Мать переходила на силезский говор приблизительно тогда же, когда и старый К. отказывался от стандартного польского, тогда на свободу из нее вырывались слезы и барачные интонации.

— Ну все, опять она завоняла этой своей сточной канавой, этим помоечным языком завоняла, и еще при ребенке, я не затем тебя из канавы вытащил, чтобы ты в этом доме его употребляла! В этом доме никто никогда не употреблял такого языка! И я не хотел бы, чтобы при ребенке!! Кажется, мне тут еще кое-кого придется воспитать!!!

— Ты, скотина, ты, хамло окаянное! А ну вали отсюда к своим вниз, ты, лодырь, ты, прохиндей, он еще будет меня стращать!! Меня?! Кабы не я, то дому этому в руинах лежать, идиот!! Пошел ко всем чертям, чтоб глаза мои тебя не видели!!!

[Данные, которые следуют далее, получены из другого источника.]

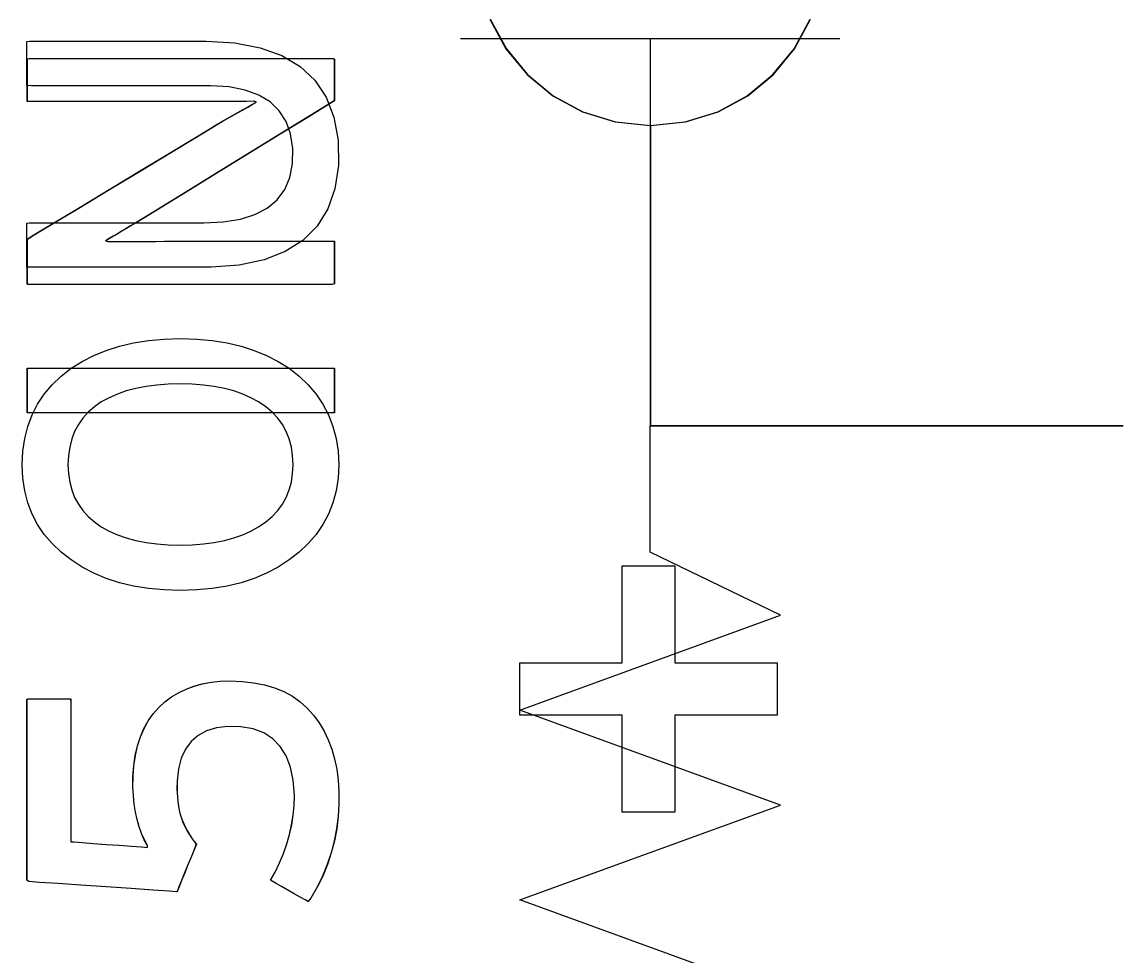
# Model space of a CAD drawing. Extents: x 1 to 47.7, y 0.2 to 35.
# Drawn here: x 34.6095 to 34.9579, y 9.0671 to 9.3629 of the extents above; entities that cross this region are included whole.
import ezdxf

# ---------------------------------------------------------------- set-up
doc = ezdxf.new("R2010")
doc.units = 0
doc.header["$MEASUREMENT"] = 0
for name, color, linetype in [('5_1___24__TARGET_LEDS___12', 7, 'CONTINUOUS'), ('6_2___8__INDEPENDENT_INPUT', 7, 'CONTINUOUS'), ('6_3___8__OPTOISO_INDEPENDE', 7, 'CONTINUOUS'), ('6_4___24__OPTOISO_INDEPEND', 7, 'CONTINUOUS'), ('6_5___8__INDEPENDENT_INPUT', 7, 'CONTINUOUS'), ('6_6___8__INDEPENDENT_INPUT', 7, 'CONTINUOUS'), ('6_7___8__OPTOISO_INDEPENDE', 7, 'CONTINUOUS'), ('6_8___8__OPTOISO_INDEPENDE', 7, 'CONTINUOUS')]:
    doc.layers.add(name, color=color, linetype=linetype)

msp = doc.modelspace()

# ---------------------------------------------------------------- linework, layer by layer
at = {"layer": '5_1___24__TARGET_LEDS___12'}
for points in [[(34.75772, 9.36377), (34.7628, 9.35443), (34.76951, 9.34629), (34.77765, 9.33957), (34.787, 9.3345), (34.79733, 9.33129), (34.80842, 9.33018), (34.8195, 9.33129), (34.82983, 9.3345), (34.83917, 9.33957), (34.8473, 9.34629), (34.85402, 9.35443), (34.85908, 9.36377)], [(34.80842, 9.33018), (34.80842, 9.23518), (34.95803, 9.23518)], [(34.70839, 9.23922), (34.61121, 9.23922), (34.61121, 9.25331), (34.70839, 9.25331), (34.70839, 9.23922)]]:
    msp.add_lwpolyline(points, dxfattribs=at)
msp.add_lwpolyline([(34.70839, 9.33795), (34.70616, 9.33658), (34.70023, 9.33293), (34.69169, 9.32767), (34.68165, 9.32149), (34.67121, 9.31507), (34.66149, 9.30908), (34.65358, 9.30421), (34.6486, 9.30114), (34.64699, 9.30016), (34.64546, 9.29925), (34.64398, 9.29837), (34.64255, 9.29751), (34.64115, 9.29669), (34.6398, 9.29589), (34.63849, 9.29513), (34.63723, 9.29439), (34.63601, 9.29368), (34.6368, 9.29339), (34.63913, 9.29339), (34.64155, 9.2934), (34.64403, 9.29341), (34.64659, 9.29343), (34.64923, 9.29345), (34.65194, 9.29347), (34.65473, 9.29349), (34.6576, 9.29352), (34.65938, 9.29352), (34.6639, 9.29352), (34.67071, 9.29352), (34.67888, 9.29352), (34.68752, 9.29352), (34.69569, 9.29352), (34.7025, 9.29352), (34.70702, 9.29352), (34.70839, 9.29351), (34.70839, 9.29288), (34.70839, 9.29145), (34.70839, 9.28947), (34.70839, 9.28719), (34.70839, 9.28485), (34.70839, 9.28271), (34.70839, 9.28101), (34.70839, 9.28001), (34.70771, 9.27984), (34.70141, 9.27984), (34.68995, 9.27984), (34.67509, 9.27984), (34.6586, 9.27984), (34.64224, 9.27984), (34.62776, 9.27984), (34.61693, 9.27984), (34.61151, 9.27984), (34.61121, 9.28011), (34.61121, 9.28129), (34.61121, 9.28315), (34.61121, 9.28545), (34.61121, 9.28791), (34.61121, 9.29028), (34.61121, 9.29229), (34.61121, 9.29369), (34.61121, 9.29422), (34.61337, 9.29552), (34.61914, 9.29901), (34.62745, 9.30402), (34.63722, 9.30991), (34.64738, 9.31604), (34.65684, 9.32175), (34.66454, 9.32639), (34.66939, 9.32932), (34.67105, 9.33031), (34.67285, 9.33136), (34.67459, 9.33237), (34.67627, 9.33334), (34.67789, 9.33426), (34.67945, 9.33514), (34.68094, 9.33597), (34.68237, 9.33677), (34.68373, 9.33751), (34.68295, 9.3378), (34.68055, 9.33778), (34.67807, 9.33775), (34.67552, 9.33773), (34.67291, 9.33772), (34.67023, 9.3377), (34.66748, 9.33769), (34.66467, 9.33769), (34.66178, 9.33769), (34.66, 9.33769), (34.6555, 9.33769), (34.64872, 9.33769), (34.64058, 9.33769), (34.63199, 9.33769), (34.62385, 9.33769), (34.61707, 9.33769), (34.61257, 9.33769), (34.61121, 9.3377), (34.61121, 9.33833), (34.61121, 9.33976), (34.61121, 9.34174), (34.61121, 9.34403), (34.61121, 9.34636), (34.61121, 9.3485), (34.61121, 9.3502), (34.61121, 9.3512), (34.61189, 9.35137), (34.61818, 9.35137), (34.62964, 9.35137), (34.6445, 9.35137), (34.66099, 9.35137), (34.67736, 9.35137), (34.69184, 9.35137), (34.70267, 9.35137), (34.70808, 9.35137), (34.70839, 9.35112), (34.70839, 9.35002), (34.70839, 9.34828), (34.70839, 9.34614), (34.70839, 9.34384), (34.70839, 9.34163), (34.70839, 9.33975), (34.70839, 9.33844)], close=True, dxfattribs=at)
at = {"layer": '6_2___8__INDEPENDENT_INPUT'}
for points in [[(34.66774, 9.35681), (34.67686, 9.35626), (34.68486, 9.35474), (34.69176, 9.35226), (34.69754, 9.34883), (34.70221, 9.34443), (34.70577, 9.33907), (34.70821, 9.33275), (34.70955, 9.32548), (34.70967, 9.31745), (34.70852, 9.31011), (34.70626, 9.30372), (34.70289, 9.29828), (34.69841, 9.29378), (34.69281, 9.29024), (34.6861, 9.28764), (34.67828, 9.286), (34.66935, 9.2853), (34.66605, 9.28528), (34.66105, 9.28528), (34.65339, 9.28528), (34.64414, 9.28528), (34.63436, 9.28528), (34.6251, 9.28528), (34.61744, 9.28528), (34.61244, 9.28528), (34.61107, 9.2853), (34.61107, 9.28602), (34.61107, 9.28757), (34.61107, 9.28968), (34.61107, 9.29208), (34.61107, 9.2945), (34.61107, 9.29669), (34.61107, 9.29837), (34.61107, 9.29928), (34.61185, 9.29937), (34.61616, 9.29937), (34.62333, 9.29937), (34.63229, 9.29937), (34.642, 9.29937), (34.65138, 9.29937), (34.6594, 9.29937), (34.66498, 9.29937), (34.66707, 9.29937), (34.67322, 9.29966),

И старый К. уходил, хлопнув дверью, и спускался этажом ниже, и уже там находил на что жаловаться, даже когда не было кому, когда его сестра была на костельном девишнике, а его брат на похмельном мальчишнике, он все равно плакался, сам себе. В коридоре был слышен доносящийся со второго этажа монолог старого К., и хоть был он монологом апострофическим, а вернее, диалогом с матерью, ведшей монолог этажом выше, то есть оба осыпали друг друга проклятьями, находясь в разных квартирах, но с такой громкостью, чтобы было слышно друг друга, несмотря на разделяющие их кого пол, а кого потолок. Когда же ради очередного глотка воздуха они прерывали собственный монолог и слышали обрывок монолога оппонента, то возмущались, подливали масла в огонь и распалялись еще сильнее, да так, что, когда стоишь в коридоре (а ведь я стоял, потому что выходил на лестницу из страха, как бы чего не случилось на моих глазах, выходил и вставал на площадке между этажами), когда стоишь на площадке между этажами, эту чрезвычайно странную перекличку, казалось бы, исключающих друг друга монологов было слышно лучше всего, на полпути между уже ставшим сильно вульгарным галдежом матери и немногим более изысканной бранью отца. Я останавливался или, вернее, приостанавливался на мгновение, чтобы послушать этот диалог, ведшийся через две закрытые двери и коридор, эти гневные откровения, обещания развода, генеалогические ретроспекции, эти букеты чертополоха, которыми они хлестали друг друга, хоть и находились на разных этажах. Иногда, не успевая словами за потоком ненависти, мать бешено топала в пол, наметя в нем то место, где в данную минуту он был потолком над старым К., топала и вопила, захлебываясь и давясь, как сука, которая забрехивается до потери собачьего дыхания.